Hugging Face Guide

Uploading and Downloading Datasets on Hugging Face

Creating an Account

If you don’t already have an account, sign up for a new account on the Hugging Face Sign Up.

Creating a New Dataset Repository

Web Interface

  1. Navigate to the Hugging Face website.
  2. Log in to your account.
  3. Click on your profile picture in the top-right corner and select “New dataset.”
  4. Follow the on-screen instructions to create a new dataset repository.

Command Line Interface (CLI)

  1. Ensure you have the huggingface_hub library installed.

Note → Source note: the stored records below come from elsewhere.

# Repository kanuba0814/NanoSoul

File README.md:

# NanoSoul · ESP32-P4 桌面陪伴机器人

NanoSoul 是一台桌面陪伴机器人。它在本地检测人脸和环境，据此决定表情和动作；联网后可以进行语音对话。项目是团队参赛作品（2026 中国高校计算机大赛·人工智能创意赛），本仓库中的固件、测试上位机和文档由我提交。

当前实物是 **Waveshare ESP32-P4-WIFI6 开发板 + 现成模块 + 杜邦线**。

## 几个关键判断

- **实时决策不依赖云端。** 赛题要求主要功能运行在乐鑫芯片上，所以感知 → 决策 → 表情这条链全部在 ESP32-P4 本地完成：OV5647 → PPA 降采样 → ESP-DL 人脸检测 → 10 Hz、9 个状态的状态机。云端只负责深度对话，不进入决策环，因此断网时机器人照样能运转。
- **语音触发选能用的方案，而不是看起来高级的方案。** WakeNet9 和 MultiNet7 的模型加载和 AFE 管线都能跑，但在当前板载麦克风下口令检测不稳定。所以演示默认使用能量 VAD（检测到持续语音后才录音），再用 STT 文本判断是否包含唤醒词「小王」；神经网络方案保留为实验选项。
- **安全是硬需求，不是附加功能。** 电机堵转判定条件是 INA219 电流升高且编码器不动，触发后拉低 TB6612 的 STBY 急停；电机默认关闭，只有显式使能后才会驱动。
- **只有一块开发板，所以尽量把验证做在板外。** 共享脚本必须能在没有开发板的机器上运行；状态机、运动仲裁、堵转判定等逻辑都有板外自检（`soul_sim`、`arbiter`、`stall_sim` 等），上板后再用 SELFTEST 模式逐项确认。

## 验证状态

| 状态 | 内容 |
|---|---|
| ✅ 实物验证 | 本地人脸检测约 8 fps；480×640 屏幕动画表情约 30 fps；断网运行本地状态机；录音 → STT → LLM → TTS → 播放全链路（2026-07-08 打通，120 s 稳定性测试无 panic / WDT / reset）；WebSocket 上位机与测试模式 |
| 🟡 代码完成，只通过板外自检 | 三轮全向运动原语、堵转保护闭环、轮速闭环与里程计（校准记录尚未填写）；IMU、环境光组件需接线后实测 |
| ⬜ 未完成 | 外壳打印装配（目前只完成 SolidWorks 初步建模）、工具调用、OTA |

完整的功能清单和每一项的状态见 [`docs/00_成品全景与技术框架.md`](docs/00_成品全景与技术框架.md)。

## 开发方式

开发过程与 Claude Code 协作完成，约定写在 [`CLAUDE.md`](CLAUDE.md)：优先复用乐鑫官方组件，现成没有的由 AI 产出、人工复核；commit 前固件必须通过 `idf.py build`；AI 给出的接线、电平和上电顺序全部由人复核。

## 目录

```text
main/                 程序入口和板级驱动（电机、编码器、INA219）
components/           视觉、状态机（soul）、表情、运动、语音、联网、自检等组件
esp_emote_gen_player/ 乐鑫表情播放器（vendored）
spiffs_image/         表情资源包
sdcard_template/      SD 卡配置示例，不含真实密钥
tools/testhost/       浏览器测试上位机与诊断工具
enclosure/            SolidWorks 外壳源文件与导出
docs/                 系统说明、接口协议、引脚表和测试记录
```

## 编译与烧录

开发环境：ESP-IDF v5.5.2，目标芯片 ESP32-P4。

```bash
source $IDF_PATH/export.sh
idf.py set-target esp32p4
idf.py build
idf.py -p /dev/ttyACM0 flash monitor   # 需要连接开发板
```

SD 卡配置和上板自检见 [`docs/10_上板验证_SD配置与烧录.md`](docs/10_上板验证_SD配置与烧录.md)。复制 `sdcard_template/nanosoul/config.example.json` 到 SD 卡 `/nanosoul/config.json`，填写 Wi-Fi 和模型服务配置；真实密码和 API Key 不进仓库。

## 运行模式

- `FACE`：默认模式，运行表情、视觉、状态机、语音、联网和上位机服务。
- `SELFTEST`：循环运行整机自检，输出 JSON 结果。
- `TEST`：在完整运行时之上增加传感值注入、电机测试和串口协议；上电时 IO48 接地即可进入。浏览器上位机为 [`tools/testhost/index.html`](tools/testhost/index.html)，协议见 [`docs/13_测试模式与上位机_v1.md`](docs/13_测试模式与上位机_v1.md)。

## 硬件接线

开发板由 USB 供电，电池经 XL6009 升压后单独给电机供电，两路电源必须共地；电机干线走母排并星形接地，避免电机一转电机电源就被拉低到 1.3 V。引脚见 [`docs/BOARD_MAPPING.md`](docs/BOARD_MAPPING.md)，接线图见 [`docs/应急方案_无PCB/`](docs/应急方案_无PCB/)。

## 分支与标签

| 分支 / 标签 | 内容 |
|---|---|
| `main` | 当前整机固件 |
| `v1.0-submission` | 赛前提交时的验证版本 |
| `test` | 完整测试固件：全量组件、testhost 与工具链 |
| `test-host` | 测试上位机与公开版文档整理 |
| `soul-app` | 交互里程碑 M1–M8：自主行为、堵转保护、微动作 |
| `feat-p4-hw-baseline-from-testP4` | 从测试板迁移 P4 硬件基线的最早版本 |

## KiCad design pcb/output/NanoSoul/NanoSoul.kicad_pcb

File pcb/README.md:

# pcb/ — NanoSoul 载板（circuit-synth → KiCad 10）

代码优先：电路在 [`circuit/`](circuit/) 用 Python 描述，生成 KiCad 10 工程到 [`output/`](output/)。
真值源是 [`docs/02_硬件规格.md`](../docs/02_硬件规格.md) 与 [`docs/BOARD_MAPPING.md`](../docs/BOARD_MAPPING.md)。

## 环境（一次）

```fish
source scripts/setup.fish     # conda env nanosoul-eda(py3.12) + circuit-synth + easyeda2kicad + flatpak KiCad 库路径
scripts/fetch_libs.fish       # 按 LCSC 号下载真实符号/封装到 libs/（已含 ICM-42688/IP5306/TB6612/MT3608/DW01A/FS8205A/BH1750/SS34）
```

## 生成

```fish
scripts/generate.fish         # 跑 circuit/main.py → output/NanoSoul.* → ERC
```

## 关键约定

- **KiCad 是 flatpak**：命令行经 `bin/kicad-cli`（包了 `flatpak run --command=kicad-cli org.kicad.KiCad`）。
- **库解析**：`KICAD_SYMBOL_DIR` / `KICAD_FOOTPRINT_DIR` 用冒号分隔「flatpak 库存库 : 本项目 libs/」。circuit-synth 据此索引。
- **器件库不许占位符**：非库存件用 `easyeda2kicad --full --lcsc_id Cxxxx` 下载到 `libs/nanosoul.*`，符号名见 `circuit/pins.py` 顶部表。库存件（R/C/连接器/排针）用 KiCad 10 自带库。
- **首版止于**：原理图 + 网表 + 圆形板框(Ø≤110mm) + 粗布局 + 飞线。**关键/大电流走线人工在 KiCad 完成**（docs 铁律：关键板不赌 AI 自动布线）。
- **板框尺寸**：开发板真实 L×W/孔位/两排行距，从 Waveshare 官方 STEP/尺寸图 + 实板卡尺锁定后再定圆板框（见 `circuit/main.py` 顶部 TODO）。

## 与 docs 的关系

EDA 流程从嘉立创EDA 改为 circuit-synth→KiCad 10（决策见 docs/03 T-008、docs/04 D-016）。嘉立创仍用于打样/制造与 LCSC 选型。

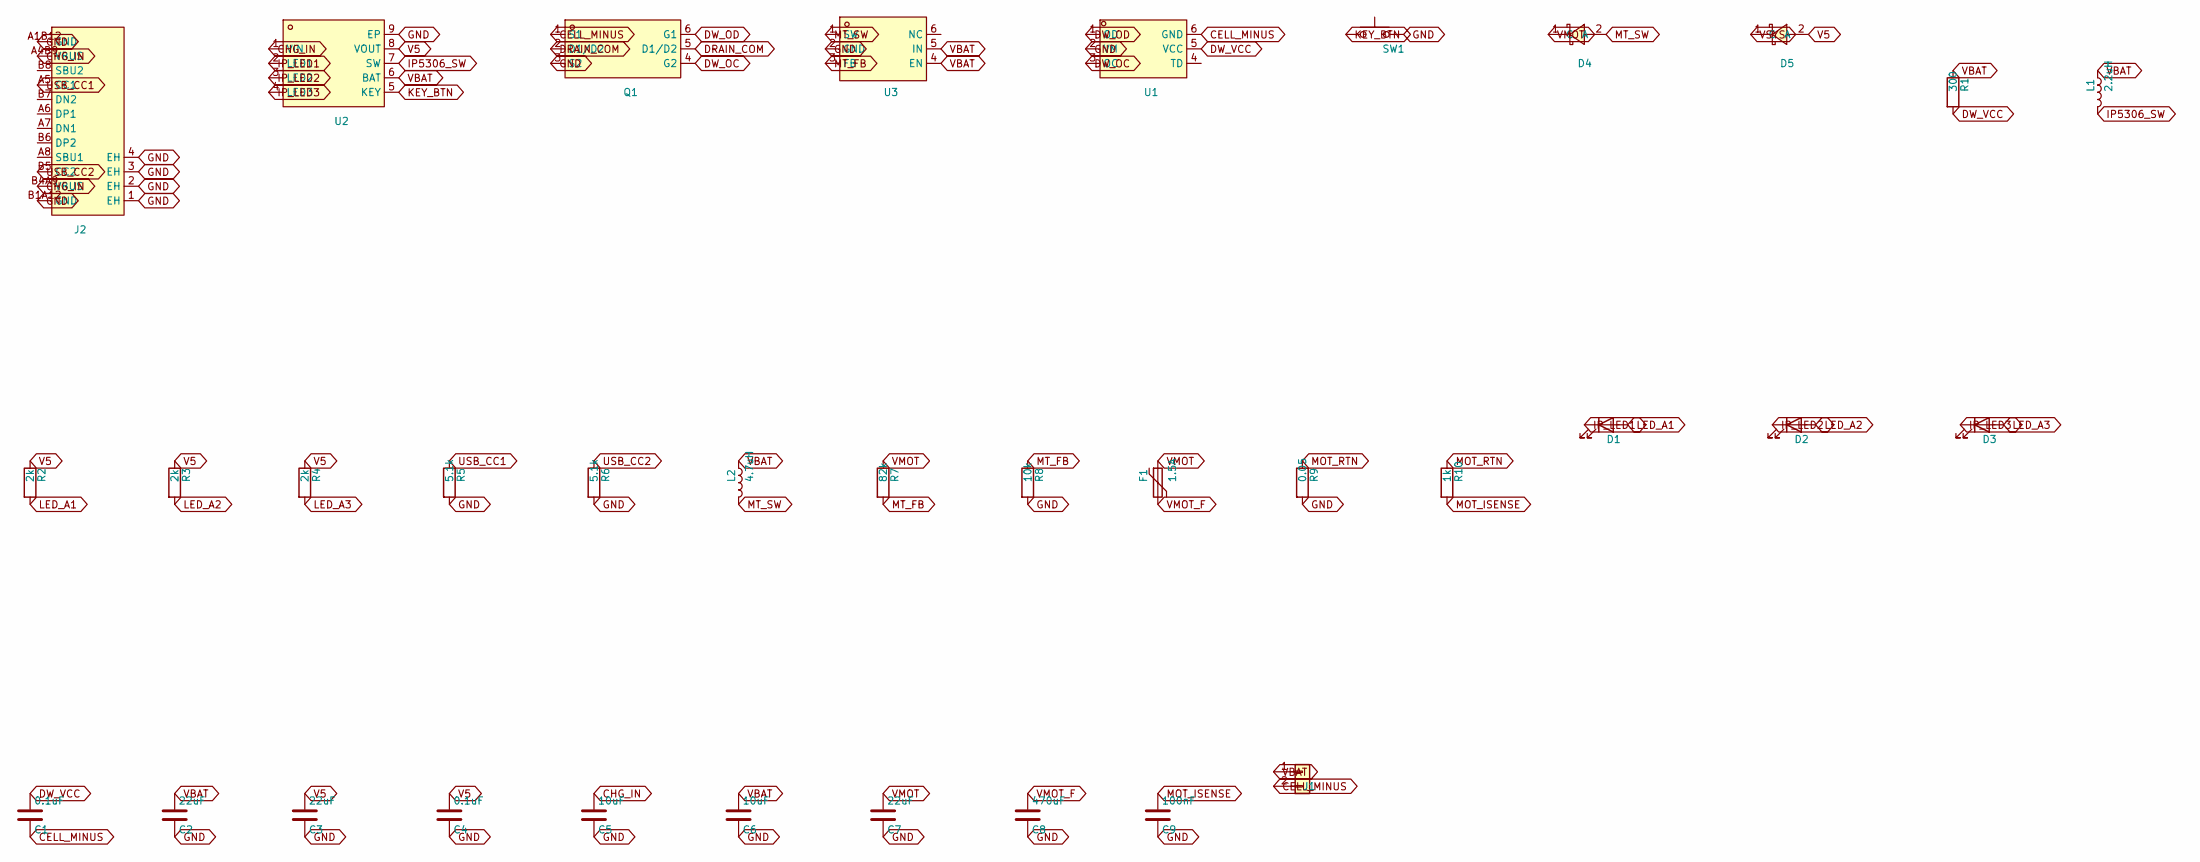
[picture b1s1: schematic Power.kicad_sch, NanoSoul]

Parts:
C1, C4: 0.1uF; C_0603_1608Metric
C2, C3, C7: 22uF; C_0805_2012Metric
C5, C6: 10uF; C_0805_2012Metric
C8: 470uF; CP_Elec_8x10.5
C9: 100nF; C_0603_1608Metric
D1, D2, D3: LED_0805_2012Metric
D4, D5: SMA_L4.3-W2.7-LS5.1-RD
F1: 1.5A; Fuse_0805_2012Metric
J1: JST_PH_B2B-PH-K_1x02_P2.00mm_Vertical
J2: USB-C_SMD-TYPE-C-31-M-12_1
L1: 2.2uH; L_6.3x6.3_H3
L2: 4.7uH; L_6.3x6.3_H3
Q1: SOT-23-6_L2.9-W1.6-P0.95-LS2.8-BR
R1: 300; R_0603_1608Metric
R2, R3, R4: 2k; R_0603_1608Metric
R5, R6: 5.1k; R_0603_1608Metric
R7: 82k; R_0603_1608Metric
R8: 10k; R_0603_1608Metric
R9: 0.05; R_1206_3216Metric
R10: 1k; R_0603_1608Metric
SW1: SW_SPST_CK_RS282G05A3
U1, U3: SOT-23-6_L2.9-W1.6-P0.95-LS2.8-BL
U2: ESOP-8_L4.9-W3.9-P1.27-LS6.0-BL-EP2.0

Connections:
CELL_MINUS: C1.2, J1.2, Q1.1 (S1), U1.6 (GND)
CHG_IN: C5.1, J2.A4B9 (VBUS), J2.B4A9 (VBUS), U2.1 (VIN)
DRAIN_COM: Q1.2 (D1/D2), Q1.5 (D1/D2)
DW_OC: Q1.4 (G2), U1.3 (OC)
DW_OD: Q1.6 (G1), U1.1 (OD)
DW_VCC: C1.1, R1.2, U1.5 (VCC)
GND: C2.2, C3.2, C4.2, C5.2, C6.2, C7.2, C8.2, C9.2, J2.1 (EH), J2.2 (EH), J2.3 (EH), J2.4 (EH), J2.A1B12 (GND), J2.B1A12 (GND), Q1.3 (S2), R5.2, R6.2, R8.2, R9.2, SW1.2, U1.2 (VM), U2.9 (EP), U3.2 (GND); also elsewhere on the board
IP5306_SW: L1.2, U2.7 (SW)
IP_LED1: D1.1 (K), U2.2 (LED1)
IP_LED2: D2.1 (K), U2.3 (LED2)
IP_LED3: D3.1 (K), U2.4 (LED3)
KEY_BTN: SW1.1, U2.5 (KEY)
LED_A1: D1.2 (A), R2.2
LED_A2: D2.2 (A), R3.2
LED_A3: D3.2 (A), R4.2
MOT_ISENSE: C9.1, R10.2; also elsewhere on the board
MOT_RTN: R9.1, R10.1; also elsewhere on the board
MT_FB: R7.2, R8.1, U3.3 (FB)
MT_SW: D4.2 (A), L2.2, U3.1 (SW)
USB_CC1: J2.A5 (CC1), R5.1
USB_CC2: J2.B5 (CC2), R6.1
V5: C3.1, C4.1, D5.2 (A), R2.1, R3.1, R4.1, U2.8 (VOUT)
VBAT: C2.1, C6.1, J1.1, L1.1, L2.1, R1.1, U2.6 (BAT), U3.4 (EN), U3.5 (IN)
VMOT: C7.1, D4.1 (C), F1.1, R7.1
VMOT_F: C8.1, F1.2; also elsewhere on the board
VSYS: D5.1 (C); also elsewhere on the board

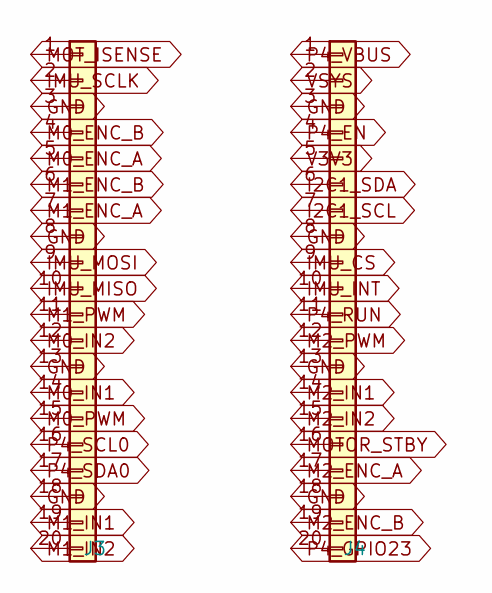
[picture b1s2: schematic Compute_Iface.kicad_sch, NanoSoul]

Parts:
J3, J4: PinSocket_1x20_P2.54mm_Vertical

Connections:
GND: J3.3, J3.8, J3.13, J3.18, J4.3, J4.8, J4.13, J4.18; also elsewhere on the board
I2C1_SCL: J4.7; also elsewhere on the board
I2C1_SDA: J4.6; also elsewhere on the board
IMU_CS: J4.9; also elsewhere on the board
IMU_INT: J4.10; also elsewhere on the board
IMU_MISO: J3.10; also elsewhere on the board
IMU_MOSI: J3.9; also elsewhere on the board
IMU_SCLK: J3.2; also elsewhere on the board
M0_ENC_A: J3.5; also elsewhere on the board
M0_ENC_B: J3.4; also elsewhere on the board
M0_IN1: J3.14; also elsewhere on the board
M0_IN2: J3.12; also elsewhere on the board
M0_PWM: J3.15; also elsewhere on the board
M1_ENC_A: J3.7; also elsewhere on the board
M1_ENC_B: J3.6; also elsewhere on the board
M1_IN1: J3.19; also elsewhere on the board
M1_IN2: J3.20; also elsewhere on the board
M1_PWM: J3.11; also elsewhere on the board
M2_ENC_A: J4.17; also elsewhere on the board
M2_ENC_B: J4.19; also elsewhere on the board
M2_IN1: J4.14; also elsewhere on the board
M2_IN2: J4.15; also elsewhere on the board
M2_PWM: J4.12; also elsewhere on the board
MOTOR_STBY: J4.16; also elsewhere on the board
MOT_ISENSE: J3.1; also elsewhere on the board
P4_EN: J4.4
P4_GPIO23: J4.20
P4_RUN: J4.11
P4_SCL0: J3.16
P4_SDA0: J3.17
P4_VBUS: J4.1
V3V3: J4.5; also elsewhere on the board
VSYS: J4.2; also elsewhere on the board

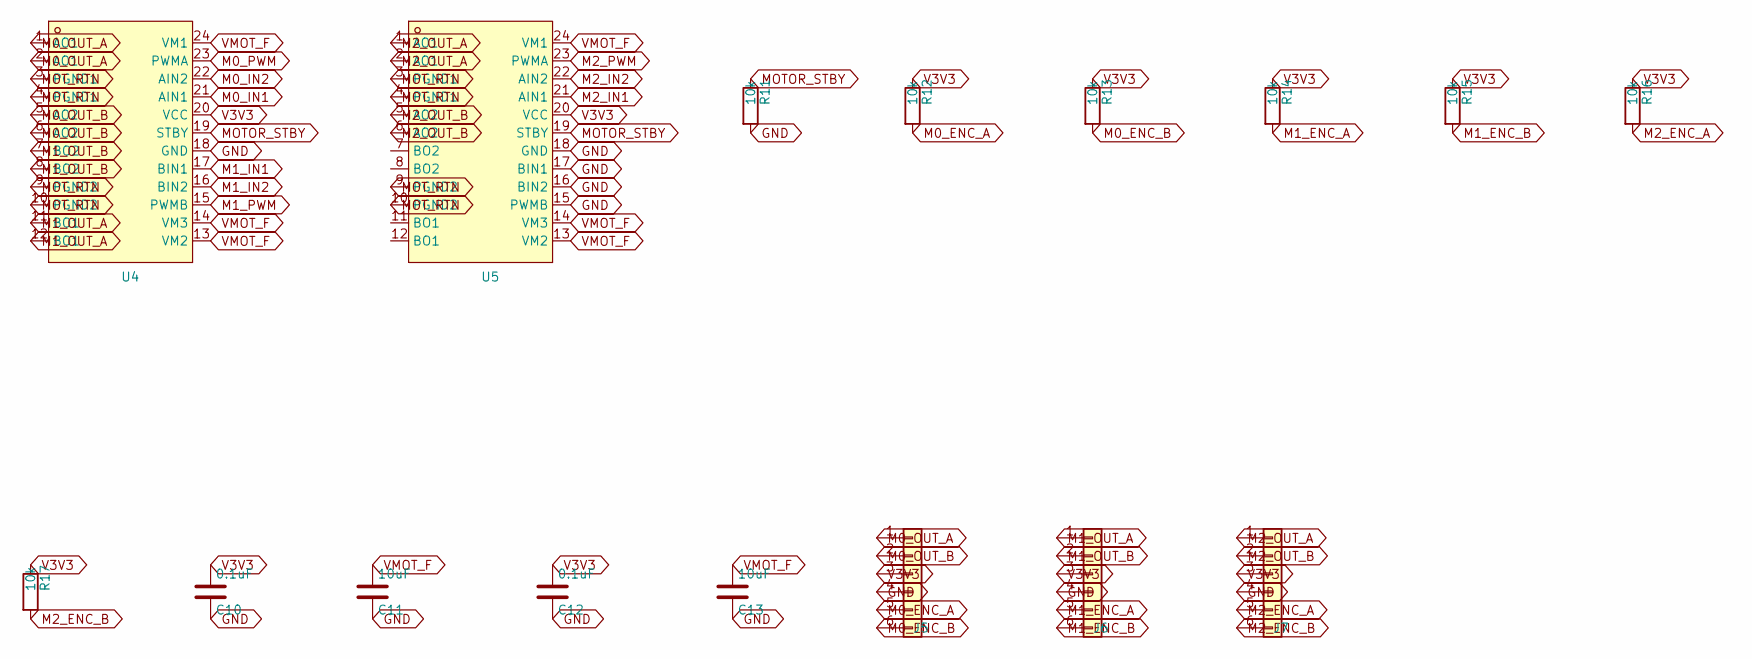
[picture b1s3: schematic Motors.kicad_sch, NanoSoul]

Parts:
C10, C12: 0.1uF; C_0603_1608Metric
C11, C13: 10uF; C_0805_2012Metric
J5, J6, J7: PinHeader_1x06_P2.54mm_Vertical
R11, R12, R13, R14, R15, R16, R17: 10k; R_0603_1608Metric
U4, U5: SSOP-24_L8.3-W5.6-P0.65-LS7.6-BL

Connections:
GND: C10.2, C11.2, C12.2, C13.2, J5.4, J6.4, J7.4, R11.2, U4.18 (GND), U5.15 (PWMB), U5.16 (BIN2), U5.17 (BIN1), U5.18 (GND); also elsewhere on the board
M0_ENC_A: J5.5, R12.2; also elsewhere on the board
M0_ENC_B: J5.6, R13.2; also elsewhere on the board
M0_IN1: U4.21 (AIN1); also elsewhere on the board
M0_IN2: U4.22 (AIN2); also elsewhere on the board
M0_OUT_A: J5.1, U4.1 (AO1), U4.2 (AO1)
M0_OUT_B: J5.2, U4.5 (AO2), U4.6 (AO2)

  2. Use the following Python script to create a new repository:

    from huggingface_hub import HfApi
    api = HfApi()
    
    api.create_repo(repo_id="username/repository_name", repo_type="dataset")
    

For more information on creating repositories, refer to the Hugging Face Repositories.

Uploading Your Dataset

You have two primary methods to upload datasets: through the web interface or using the Python API.

Web Interface

  1. Navigate to your dataset repository on the Hugging Face website.
  2. Click on the “Files and versions” tab.
  3. Drag and drop your dataset files into the files section.
  4. Click “Commit changes” to save the files in the repository.

Python API

You can use the following Python script to upload your dataset:

from huggingface_hub import HfApi
api = HfApi()

api.upload_folder(
    folder_path="path/to/dataset",
    repo_id="username/repository_name",
    repo_type="dataset",
)

Example:

from huggingface_hub import HfApi
api = HfApi()

api.upload_folder(
    folder_path="~/aloha_data/aloha_stationary_block_pickup",
    repo_id="TrossenRoboticsCommunity/aloha_static_datasets",
    repo_type="dataset",
)

For more information on uploading datasets, refer to the Hugging Face Uploading.

Downloading Datasets

You can download datasets either by cloning the repository or using the Hugging Face CLI.

Cloning the Repository

To clone the repository, use the following command:

$ git clone https://huggingface.co/datasets/username/repository_name

Using the Hugging Face CLI

You can also use the Hugging Face CLI to download datasets with the following Python script:

from huggingface_hub import snapshot_download

# Download the dataset
snapshot_download(
    repo_id="username/repository_name",
    repo_type="dataset",
    local_dir="path/to/local/directory",
    allow_patterns="*.hdf5"
)

Note

  • The dataset episodes are stored in .hdf5 format. Therefore, ensure that you only allow these patterns during download.

For more information on downloading datasets, refer to the Hugging Face Datasets.

Additional Information

  • Repository Management: Utilize the Hugging Face Hub documentation for detailed instructions on managing repositories, handling versions, and setting permissions.
  • Dataset Formats: Hugging Face supports various dataset formats. For this guide, we specifically use the Aloha’s native .hdf5 format.
  • Community Support: If you encounter any issues, refer to the Hugging Face community forums for additional support.

By following this guide, you should be able to seamlessly upload and download datasets using the Hugging Face platform. For more detailed guides and examples, refer to the Hugging Face Documentation.